Framework PACRF para criar prompts estratégicos
Foi apresentado um framework simples para estruturar prompts mais eficazes:
P – Papel
Definir o papel que a IA deve assumir.
A – Ação
Especificar exatamente o que se deseja que a IA faça.
C – Contexto
Oferecer informações relevantes sobre o cenário ou problema.
R – Restrições
Indicar limites, critérios ou condições importantes.
F – Formato
Definir como a resposta deve ser organizada.
Essa estrutura ajuda a transformar pedidos genéricos em **instruções estratégicas e orientadas a resultado.
A IA não é software tradicional
Ao contrário de sistemas baseados em regras, a IA generativa funciona como um modelo probabilístico, que constrói respostas a partir de padrões aprendidos em grandes volumes de dados.
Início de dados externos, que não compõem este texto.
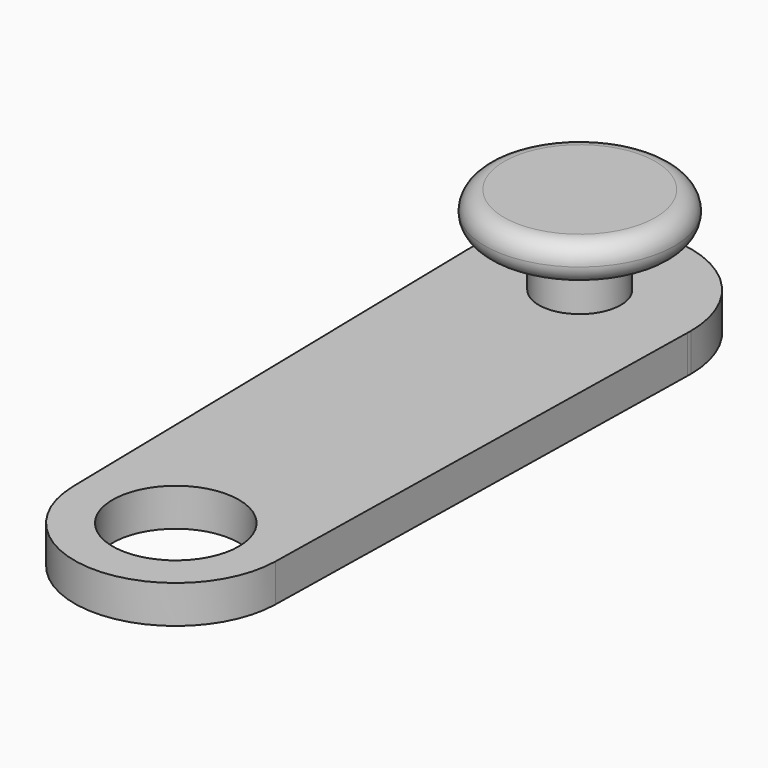
from build123d import *

# Parameters (mm, degrees)
F0_R     = 5
F1_DEPTH = 3
F2_R     = 3.25
F3_DEPTH = 4
F4_R     = 7.5
F5_DEPTH = 3
F6_R     = 1.49999


# Not quite as in the source:
# - a fillet or chamfer is up to 0.001 mm smaller than in the source, because OpenCascade refuses the exact size


with BuildPart() as f1:
    # F0 (on Top) → F1 (new body)
    with BuildSketch(Plane.XY):
        with BuildLine():
            Line((8.8034559258, 0), (8.7968361379, -0.3413359058))
            ThreePointArc((8.7968361379, -0.3413359058), (8.8018008233, -0.1707000455), (8.8034559258, 0))
        make_face()
        with BuildLine():
            Line((8.024687147, -40.1556288865), (8.7968361379, -0.3413359058))
            Line((8.7968361379, -0.3413359058), (8.8034559258, 0))
            ThreePointArc((8.8034559258, 0), (0, 8.8034559258), (-8.8034559258, 0))
            Line((-8.8034559258, 0), (-8.7968361379, -0.3413359058))
            Line((-8.7968361379, -0.3413359058), (-8.024687147, -40.1556288865))
            ThreePointArc((-8.024687147, -40.1556288865), (0, -48.02619612), (8.024687147, -40.1556288865))
        make_face()
        with Locations((0, -40)):
            Circle(F0_R, mode=Mode.SUBTRACT)
        with BuildLine():
            Line((-8.7968361379, -0.3413359058), (-8.8034559258, 0))
            ThreePointArc((-8.8034559258, 0), (-8.8018008233, -0.1707000455), (-8.7968361379, -0.3413359058))
        make_face()
    extrude(amount=F1_DEPTH)

    # F2 (on face) → F3 (join)
    with BuildSketch(Plane.XY.offset(3)):
        Circle(F2_R)
    extrude(amount=F3_DEPTH)

    # F4 (on face) → F5 (join)
    with BuildSketch(Plane.XY.offset(7)):
        Circle(F4_R)
    extrude(amount=F5_DEPTH)

    # F6 (radius 1.5 in the source; OpenCascade refuses exactly that, so slightly less here)
    f6_edges = [f1.edges().sort_by_distance(p)[0] for p in [
        (-7.5, 0, 10),
        (-7.5, 0, 7),
    ]]
    fillet(f6_edges, radius=F6_R)


solid = f1.part

Por isso, resultados diferentes podem surgir mesmo com prompts semelhantes, e o processo de interação envolve refinamento contínuo das perguntas.
Exercícios práticos com o Gemini
Durante a sessão, os participantes testaram prompts estruturados utilizando o Gemini em diferentes cenários, incluindo:
criação de conteúdo para LinkedIn
elaboração de planos de ação utilizando o modelo PDCA
desenvolvimento de Análises SWOT para negócios
Os exercícios demonstraram como prompts bem estruturados podem gerar análises completas e apoiar decisões estratégicas.
A importância do contexto nas respostas da IA
Quanto mais contexto relevante é fornecido, maior tende a ser a qualidade da resposta.
Definir elementos como público-alvo, modelo de negócio, objetivos e limitações permite que a IA produza respostas mais alinhadas com a realidade do usuário.
Criação de assistentes personalizados (Meta-Prompt)
Um dos pontos avançados da sessão foi a criação de assistentes especializados, capazes de ajudar na geração de novos prompts.
Esses assistentes funcionam como “especialistas virtuais” treinados com instruções específicas e materiais de referência, facilitando a construção de prompts complexos no dia a dia.
Multimodalidade amplia o alcance da IA
A IA atual já opera de forma multimodal, combinando diferentes formatos de informação, como:
texto
imagens
áudio
vídeo
música
Ferramentas como o Gemini também oferecem recursos como Deep Research, capazes de realizar pesquisas aprofundadas na internet e organizar os resultados em relatórios ou visualizações.
Mitigando o risco de alucinação
Foi discutido o risco das chamadas alucinações, quando a IA inventa informações plausíveis.
Algumas estratégias para reduzir esse risco incluem:
estruturar prompts mais claros
separar assuntos em diferentes conversas
solicitar explicações passo a passo
pedir que a IA declare quando não possui informação suficiente
Pensamento crítico continua sendo essencial
Mesmo com avanços significativos, a IA não substitui o julgamento humano.
A recomendação central é utilizar a IA como ferramenta de ampliação da inteligência, mantendo sempre revisão, análise crítica e responsabilidade sobre as decisões finais.
Segurança de dados no uso de IA
Também foi abordada a importância de configurar corretamente as ferramentas de IA, especialmente em versões gratuitas.
Uma prática recomendada é desativar o uso de dados pessoais para treinamento do modelo nas configurações de privacidade, evitando que informações sensíveis sejam utilizadas para aprimorar sistemas públicos.